Transplacental gene delivery (TPGD) is a technique for delivering nucleic acids to fetal tissues via tail-vein injections in pregnant mice. After transplacental transport, administered nucleic acids enter fetal circulation and are distributed among fetal tissues. In 1995, TPGD was established by Tsukamoto et al., and its mechanisms, and potential applications have been further characterized since. In 2019, Nakamura et al. demonstrated that intravenous injection of plasmid DNA containing genome editing component (CRISPR/Cas9 system) produced indels in fetal myocardial cells. In the future, this unique technique will allow manipulation of fetal cell functions in basic studies of fetal gene therapy.

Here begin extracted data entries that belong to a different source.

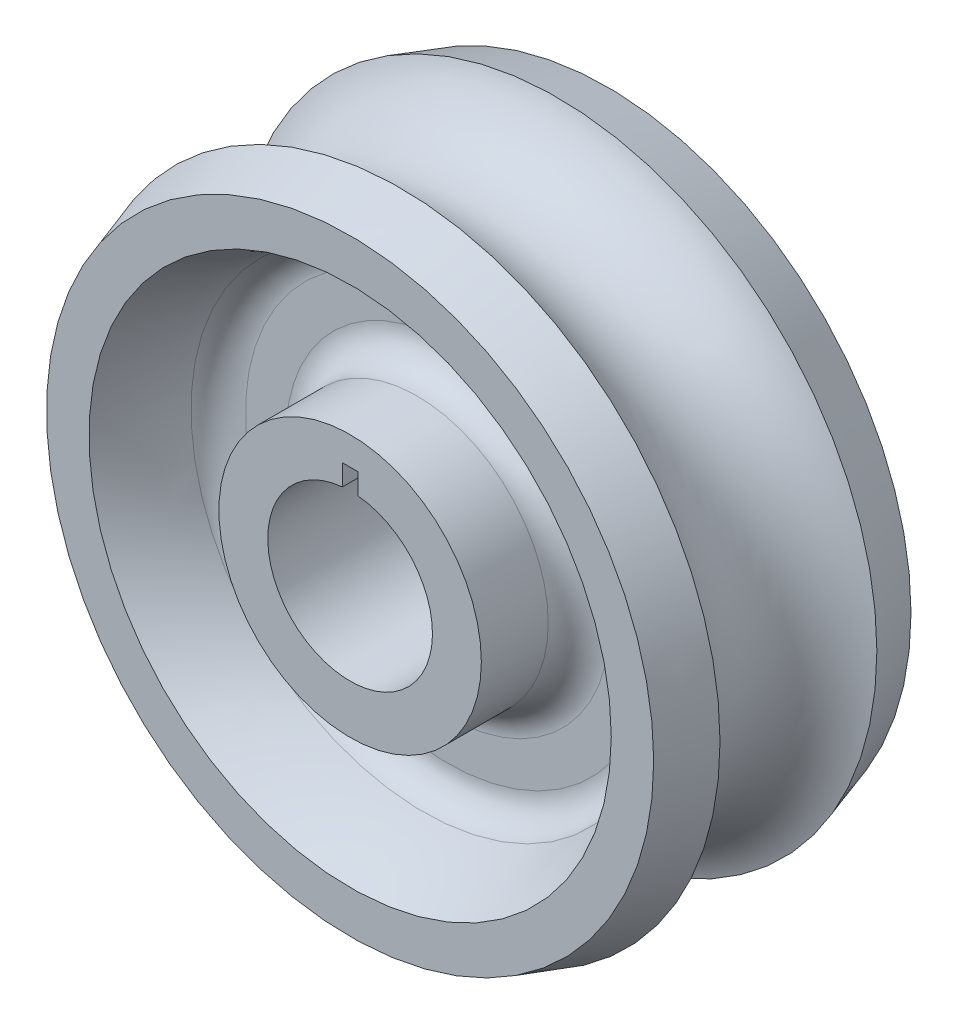
SolidWorks part; units mm, degrees
material "PW20:29:Sc:0:"
ref_plane "Front" through (0, 0, 0) normal (0, 0, 1) x (1, 0, 0)
ref_plane "Top" through (0, 0, 0) normal (0, 1, 0) x (1, 0, 0)
ref_plane "Right" through (0, 0, 0) normal (1, 0, 0) x (0, 0, -1)
sketch "Sketch1" plane through (0, 0, 0) normal (1, 0, 0) x (0, 0, -1)
  line L0 (0, 0) -> (159.8623, 0) construction
  line L1 (0, 0) -> (0, 93.2897) construction
  line L2 (-12.5, 8) -> (12.5, 8)
  line L3 (12.5, 8) -> (12.5, 12.75)
  line L4 (12.5, 12.75) -> (6, 12.75)
  line L5 (3, 15.75) -> (3, 19.676)
  line L6 (12.5, 25.375) -> (12.5, 29.5)
  line L7 (12.5, 29.5) -> (7.6194, 31.0618)
  line L8 (-12.5, 29.5) -> (-7.6194, 31.0618)
  line L9 (-12.5, 25.375) -> (-12.5, 29.5)
  line L10 (-3, 15.75) -> (-3, 19.676)
  line L11 (-12.5, 12.75) -> (-6, 12.75)
  line L12 (-12.5, 8) -> (-12.5, 12.75)
  arc A0 (6, 12.75) -> (3, 15.75) centre (6, 15.75) cw
  arc A1 (3, 19.676) -> (5.3571, 22.6064) centre (6, 19.676) cw
  arc A2 (5.3571, 22.6064) -> (12.5, 25.375) centre (0, 47.0256) ccw
  arc A3 (7.6194, 31.0618) -> (-7.6194, 31.0618) centre (0, 33.5) cw
  arc A4 (-5.3571, 22.6064) -> (-12.5, 25.375) centre (0, 47.0256) cw
  arc A5 (-3, 19.676) -> (-5.3571, 22.6064) centre (-6, 19.676) ccw
  arc A6 (-6, 12.75) -> (-3, 15.75) centre (-6, 15.75) ccw
  point P29 (0, 8)
  dimension "D1" = 25
  dimension "D2" = 3
  dimension "D4" = 8
  dimension "D9" = 25
  dimension "D3" = 50.75
  dimension "D5" = 6
  dimension "D6" = 4.75
  dimension "D7" = 16
  dimension "D8" = 21.5
  dimension "D10" = 67
revolve "Base-Revolve" add sketch "Sketch1" angle 360 about L0
sketch "Sketch2" plane through (0, 0, 12.5) normal (0, 0, 1) x (1, 0, 0)
  line L0 (0, 0) -> (0, 10.5711) construction
  line L1 (-0.75, 7.9648) -> (-0.75, 10)
  line L2 (0.75, 7.9648) -> (0.75, 10)
  line L3 (-0.75, 10) -> (0.75, 10)
  circle A0 centre (0, 0) radius 8 construction
  arc A1 (0.75, 7.9648) -> (-0.75, 7.9648) centre (0, 0) ccw
  dimension "D1" = 1.5
  dimension "D2" = 10
extrude "Cut-Extrude1" cut sketch "Sketch2" against normal through all
ref_axis "Worm CL" through (0, 0, 50) along (0, 0, -1)

The development of efficient methods for the transfer of nucleic acids to fetuses is an important goal for in utero gene therapy. Many of these approaches require ex vivo handling procedures that temporally expose fetuses, and micropipette injections of nucleic acids under anesthetic conditions are time-consuming and labor-intensive. As an alternative administration route, transplacental transfer of plasmid DNA constructs was reported after tail-vein injection into dam. After transplacental transport, administered nucleic acids reach the fetal circulation and efficiently transfect fetal cells. This approach represents a noninvasive and convenient method for the transfection of fetal tissues, and is hereafter referred to as transplacental gene delivery (TPGD). Since the work of Tsukamoto et al.[1], supporting data have been generated, and TPGD has been achieved with nucleic acids derived from plasmids or viral vectors[2]. Recently, Nakamura et al. elicited CRISPR/Cas9-mediated mutations in a target locus of embryonic cells for the first time using TPGD for acquiring genome-edited fetuses (TPGD-GEF)[3].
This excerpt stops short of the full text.